Common pitfalls. $(\mathbb{Z}_n, \cdot)$ is not a group (must restrict to units $\mathbb{Z}_n^*$). $\mathrm{GF}(p^k)\ne \mathbb{Z}_{p^k}$ for $k>1$ (the latter isn't a field). Commutativity is not a group axiom. In $\mathrm{GF}(2^n)$, addition is XOR and is its own inverse.

Toolkit: added rsa_keygen to crypto.py — RSA's structure (work mod $\phi(n) = \lvert\mathbb{Z}_n^*\rvert$) is Corollary 24.3 in disguise.


Spaced Review

Retrieval strengthens memory. Answer from memory before opening the solutions.

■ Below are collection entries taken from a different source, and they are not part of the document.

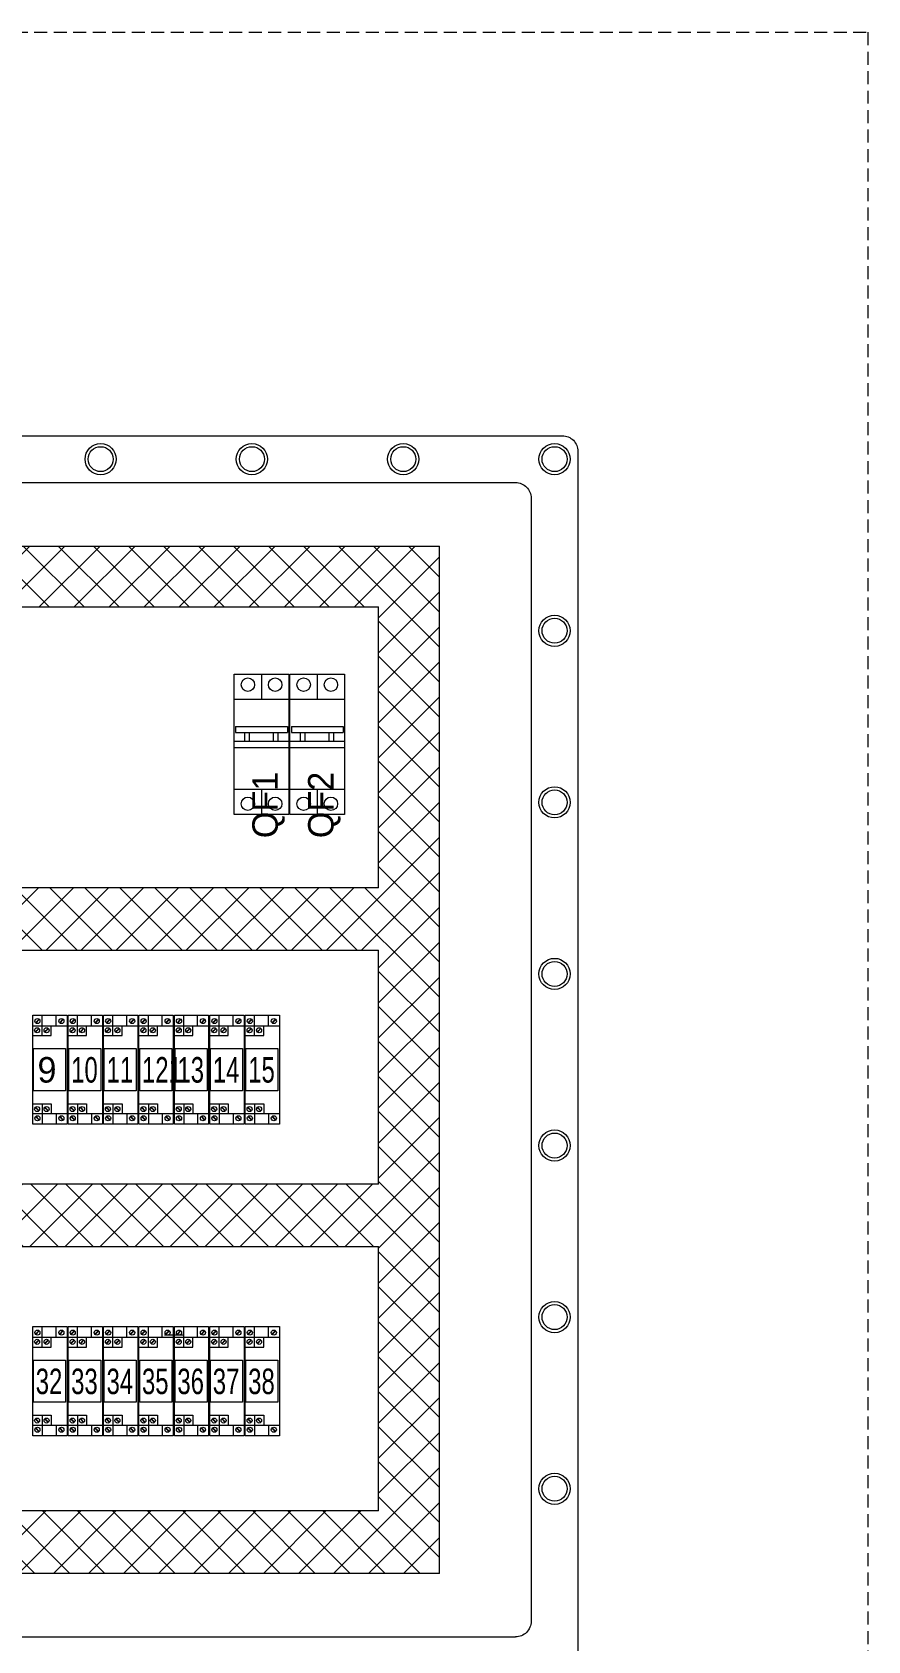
# Model space of a CAD drawing. Header units: millimetres. Extents: x 32626 to 72822, y 60047 to 123188.
# Drawn here: x 33628 to 33949, y 69075 to 69694 of the extents above; entities that cross this region are included whole.
import ezdxf

# ---------------------------------------------------------------- set-up
doc = ezdxf.new("R2010")
doc.units = ezdxf.units.MM
doc.header["$LTSCALE"] = 10
doc.linetypes.add('DASHED', pattern=[0.75, 0.5, -0.25])
doc.layers.add('1轮廓实线层', color=7, linetype='Continuous', lineweight=18)
doc.layers.add('6文字层', color=3, linetype='Continuous', lineweight=18)
doc.styles.add('样式 1', font='SIMYOU.TTF', dxfattribs={"width": 0.75})

msp = doc.modelspace()

# ---------------------------------------------------------------- hatches: boundary and pattern name
at = {"layer": '1轮廓实线层'}
h = msp.add_hatch(dxfattribs=at)
h.set_pattern_fill('ANSI37', color=256, scale=3, style=0)
h.set_pattern_definition([(45, (1626.673, 2082.644), (-6.7351921, 6.7351921), []), (135, (1626.673, 2082.644), (-6.7351921, -6.7351921), [])])
h.paths.add_polyline_path([(33050.9, 69101.35), (33050.9, 69496.47), (33784.37, 69496.47), (33784.37, 69101.35)])
h.paths.add_polyline_path([(33074.32, 69473.08), (33760.95, 69473.08), (33760.95, 69365.07), (33074.32, 69365.07)], flags=16)
h.paths.add_polyline_path([(33074.3, 69341.07), (33760.97, 69341.07), (33760.97, 69251.07), (33074.3, 69251.07)], flags=16)
h.paths.add_polyline_path([(33074.3, 69227.07), (33760.97, 69227.07), (33760.97, 69125.35), (33074.3, 69125.35)], flags=16)

# ---------------------------------------------------------------- linework, layer by layer
for p, q in [((33003.63, 69538.91), (33831.63, 69538.91)), ((33021.63, 69520.91), (33813.63, 69520.91)), ((33050.9, 69496.47), (33784.37, 69496.47)), ((33784.37, 69101.35), (33784.37, 69496.47)), ((33074.32, 69473.08), (33760.95, 69473.08)), ((33760.95, 69365.07), (33760.95, 69473.08)), ((33705.42, 69447.26), (33715.92, 69447.26)), ((33705.42, 69393.26), (33705.42, 69447.26)), ((33715.92, 69447.26), (33726.42, 69447.26)), ((33715.92, 69447.26), (33715.92, 69437.57)), ((33726.42, 69447.26), (33726.42, 69393.26)), ((33726.87, 69447.26), (33737.37, 69447.26)), ((33726.87, 69393.26), (33726.87, 69447.26)), ((33737.37, 69447.26), (33747.87, 69447.26)), ((33737.37, 69447.26), (33737.37, 69437.57)), ((33747.87, 69447.26), (33747.87, 69393.26)), ((33705.42, 69437.57), (33726.42, 69437.57)), ((33726.87, 69437.57), (33747.87, 69437.57)), ((33705.42, 69421.45), (33726.42, 69421.45)), ((33705.96, 69427.1), (33725.87, 69427.1)), ((33705.96, 69427.1), (33705.96, 69424.73)), ((33705.96, 69424.73), (33725.87, 69424.73)), ((33709.51, 69421.45), (33709.51, 69424.73)), ((33711.32, 69421.45), (33711.32, 69424.73)), ((33720.52, 69421.45), (33720.52, 69424.73)), ((33722.32, 69421.45), (33722.32, 69424.73)), ((33725.87, 69427.1), (33725.87, 69424.73)), ((33726.87, 69421.45), (33747.87, 69421.45)), ((33727.41, 69427.1), (33747.33, 69427.1)), ((33727.41, 69427.1), (33727.41, 69424.73)), ((33727.41, 69424.73), (33747.33, 69424.73)), ((33730.96, 69421.45), (33730.96, 69424.73)), ((33732.77, 69421.45), (33732.77, 69424.73)), ((33741.97, 69421.45), (33741.97, 69424.73)), ((33743.78, 69421.45), (33743.78, 69424.73)), ((33747.33, 69427.1), (33747.33, 69424.73)), ((33705.42, 69419.07), (33726.42, 69419.07)), ((33726.87, 69419.07), (33747.87, 69419.07)), ((33705.42, 69402.95), (33726.42, 69402.95)), ((33715.92, 69402.95), (33715.92, 69393.26)), ((33726.87, 69402.95), (33747.87, 69402.95)), ((33737.37, 69402.95), (33737.37, 69393.26)), ((33715.92, 69393.26), (33705.42, 69393.26)), ((33726.42, 69393.26), (33715.92, 69393.26)), ((33737.37, 69393.26), (33726.87, 69393.26)), ((33747.87, 69393.26), (33737.37, 69393.26)), ((33760.95, 69365.07), (33074.32, 69365.07)), ((33074.3, 69341.07), (33760.97, 69341.07)), ((33760.97, 69251.07), (33760.97, 69341.07)), ((33760.97, 69251.07), (33074.3, 69251.07)), ((33074.3, 69227.07), (33760.97, 69227.07)), ((33760.97, 69125.35), (33760.97, 69227.07)), ((33760.97, 69125.35), (33074.3, 69125.35)), ((33784.37, 69101.35), (33050.9, 69101.35)), ((33021.63, 69076.91), (33813.63, 69076.91))]:
    msp.add_line(p, q, dxfattribs=at)
at = {"layer": '1轮廓实线层', "lineweight": 13}
for p, q in [((33627.91, 69316.1), (33641.11, 69316.1)), ((33627.91, 69274.1), (33627.91, 69316.1)), ((33631.53, 69312.68), (33631.53, 69316.1)), ((33636.88, 69311.99), (33636.88, 69316.1)), ((33641.11, 69316.1), (33641.11, 69274.1)), ((33641.53, 69316.1), (33654.73, 69316.1)), ((33641.53, 69274.1), (33641.53, 69316.1)), ((33645.15, 69312.68), (33645.15, 69316.1)), ((33650.5, 69311.99), (33650.5, 69316.1)), ((33654.73, 69316.1), (33654.73, 69274.1)), ((33655.15, 69316.1), (33668.35, 69316.1)), ((33655.15, 69274.1), (33655.15, 69316.1)), ((33658.77, 69312.68), (33658.77, 69316.1)), ((33664.12, 69311.99), (33664.12, 69316.1)), ((33668.35, 69316.1), (33668.35, 69274.1)), ((33668.77, 69316.1), (33681.97, 69316.1)), ((33668.77, 69274.1), (33668.77, 69316.1)), ((33672.39, 69312.68), (33672.39, 69316.1)), ((33677.74, 69311.99), (33677.74, 69316.1)), ((33681.97, 69316.1), (33681.97, 69274.1)), ((33682.39, 69316.1), (33695.59, 69316.1)), ((33682.39, 69274.1), (33682.39, 69316.1)), ((33686.01, 69312.68), (33686.01, 69316.1)), ((33691.36, 69311.99), (33691.36, 69316.1)), ((33695.59, 69316.1), (33695.59, 69274.1)), ((33696.01, 69316.1), (33709.21, 69316.1)), ((33696.01, 69274.1), (33696.01, 69316.1)), ((33699.63, 69312.68), (33699.63, 69316.1)), ((33704.98, 69311.99), (33704.98, 69316.1)), ((33709.21, 69316.1), (33709.21, 69274.1)), ((33709.63, 69316.1), (33722.83, 69316.1)), ((33709.63, 69274.1), (33709.63, 69316.1)), ((33713.25, 69312.68), (33713.25, 69316.1)), ((33718.6, 69311.99), (33718.6, 69316.1)), ((33722.83, 69316.1), (33722.83, 69274.1)), ((33627.91, 69311.99), (33641.11, 69311.99)), ((33628.86, 69309.61), (33630.24, 69310.99)), ((33628.95, 69313.15), (33630.33, 69314.53)), ((33628.99, 69309.49), (33630.36, 69310.87)), ((33629.07, 69313.03), (33630.45, 69314.41)), ((33631.53, 69308.19), (33631.53, 69312.68)), ((33632.5, 69309.61), (33633.88, 69310.99)), ((33632.62, 69309.49), (33634, 69310.87)), ((33635.04, 69308.19), (33635.04, 69311.99)), ((33638.18, 69313.15), (33639.56, 69314.53)), ((33638.3, 69313.03), (33639.68, 69314.41)), ((33641.53, 69311.99), (33654.73, 69311.99)), ((33642.48, 69309.61), (33643.86, 69310.99)), ((33642.57, 69313.15), (33643.95, 69314.53)), ((33642.61, 69309.49), (33643.98, 69310.87)), ((33642.69, 69313.03), (33644.07, 69314.41)), ((33645.15, 69308.19), (33645.15, 69312.68)), ((33646.12, 69309.61), (33647.5, 69310.99)), ((33646.24, 69309.49), (33647.62, 69310.87)), ((33648.66, 69308.19), (33648.66, 69311.99)), ((33651.8, 69313.15), (33653.18, 69314.53)), ((33651.92, 69313.03), (33653.3, 69314.41)), ((33655.15, 69311.99), (33668.35, 69311.99)), ((33656.1, 69309.61), (33657.48, 69310.99)), ((33656.19, 69313.15), (33657.57, 69314.53)), ((33656.23, 69309.49), (33657.6, 69310.87)), ((33656.31, 69313.03), (33657.69, 69314.41)), ((33658.77, 69308.19), (33658.77, 69312.68)), ((33659.74, 69309.61), (33661.12, 69310.99)), ((33659.86, 69309.49), (33661.24, 69310.87)), ((33662.28, 69308.19), (33662.28, 69311.99)), ((33665.42, 69313.15), (33666.8, 69314.53)), ((33665.54, 69313.03), (33666.92, 69314.41)), ((33668.77, 69311.99), (33681.97, 69311.99)), ((33669.73, 69309.61), (33671.1, 69310.99)), ((33669.81, 69313.15), (33671.19, 69314.53)), ((33669.85, 69309.49), (33671.22, 69310.87)), ((33669.93, 69313.03), (33671.31, 69314.41)), ((33672.39, 69308.19), (33672.39, 69312.68)), ((33673.36, 69309.61), (33674.74, 69310.99)), ((33673.48, 69309.49), (33674.86, 69310.87)), ((33675.9, 69308.19), (33675.9, 69311.99)), ((33679.04, 69313.15), (33680.42, 69314.53)), ((33679.16, 69313.03), (33680.54, 69314.41)), ((33682.39, 69311.99), (33695.59, 69311.99)), ((33683.35, 69309.61), (33684.72, 69310.99)), ((33683.43, 69313.15), (33684.81, 69314.53)), ((33683.47, 69309.49), (33684.85, 69310.87)), ((33683.55, 69313.03), (33684.93, 69314.41)), ((33686.01, 69308.19), (33686.01, 69312.68)), ((33686.98, 69309.61), (33688.36, 69310.99)), ((33687.1, 69309.49), (33688.48, 69310.87)), ((33689.52, 69308.19), (33689.52, 69311.99)), ((33692.66, 69313.15), (33694.04, 69314.53)), ((33692.78, 69313.03), (33694.16, 69314.41)), ((33696.01, 69311.99), (33709.21, 69311.99)), ((33696.97, 69309.61), (33698.34, 69310.99)), ((33697.05, 69313.15), (33698.43, 69314.53)), ((33697.09, 69309.49), (33698.47, 69310.87)), ((33697.18, 69313.03), (33698.55, 69314.41)), ((33699.63, 69308.19), (33699.63, 69312.68)), ((33700.6, 69309.61), (33701.98, 69310.99)), ((33700.72, 69309.49), (33702.1, 69310.87)), ((33703.14, 69308.19), (33703.14, 69311.99)), ((33706.28, 69313.15), (33707.66, 69314.53)), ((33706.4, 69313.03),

  1. (Ch. 23) Euler's theorem says $a^{\phi(n)}\equiv 1\pmod n$ when $\gcd(a,n)=1$. In this chapter's language, which group is this a statement about, and which general group theorem is it a special case of?
  2. (Ch. 23) Computing the private RSA exponent $d$ requires $e^{-1} \bmod \phi(n)$. Which Chapter-23 algorithm produces a modular inverse, and what condition on $e$ and $\phi(n)$ must hold for it to exist?
  3. (Ch. 8) A subgroup $H$ of $G$ is in particular a subset of $G$. Using the cardinality notion from Chapter 8, restate Lagrange's theorem as a relationship between $\lvert H\rvert$ and $\lvert G\rvert$, and say why a group of order 12 can have no subgroup of order 5.
  4. (Ch. 8) $\mathbb{Z}_n^*$ is a subset of $\mathbb{Z}_n$ defined by a property. Write $\mathbb{Z}_{12}^*$ in set-builder notation and give its cardinality.

Answers

  1. It is a statement about the multiplicative group $\mathbb{Z}_n^*$ (order $\phi(n)$). It is the special case of Corollary 24.3 — "$a^{\lvert G\rvert} = e$ in any finite group" — applied to $G = \mathbb{Z}_n^*$. 2. The extended Euclidean algorithm (it yields Bézout coefficients, one of which is the inverse). The inverse $e^{-1}\bmod\phi(n)$ exists iff $\gcd(e, \phi(n)) = 1$. 3. Lagrange: $\lvert H\rvert$ divides $\lvert G\rvert$. Since $5 \nmid 12$, no subgroup can have order 5. 4. $\mathbb{Z}_{12}^* = \{a \mid 1\le a\le 11,\ \gcd(a,12)=1\} = \{1,5,7,11\}$; cardinality $\phi(12) = 4$.

What's Next

You now hold the abstract "why" behind everything Part IV has been building toward: $\mathbb{Z}_n^*$ is a finite group, so any element raised to the group's order returns to the identity — and that is what makes encryption reversible. Chapter 25 spends that capital. We'll trace cryptography from the Caesar cipher (and why it falls in seconds) through the key-exchange problem to the breakthrough of public-key cryptography, and then build RSA: generate keys (you already started), encrypt, decrypt, and prove with Euler's theorem — Corollary 24.3 in costume — that the message always comes back. The structure is in place; next we make it compute.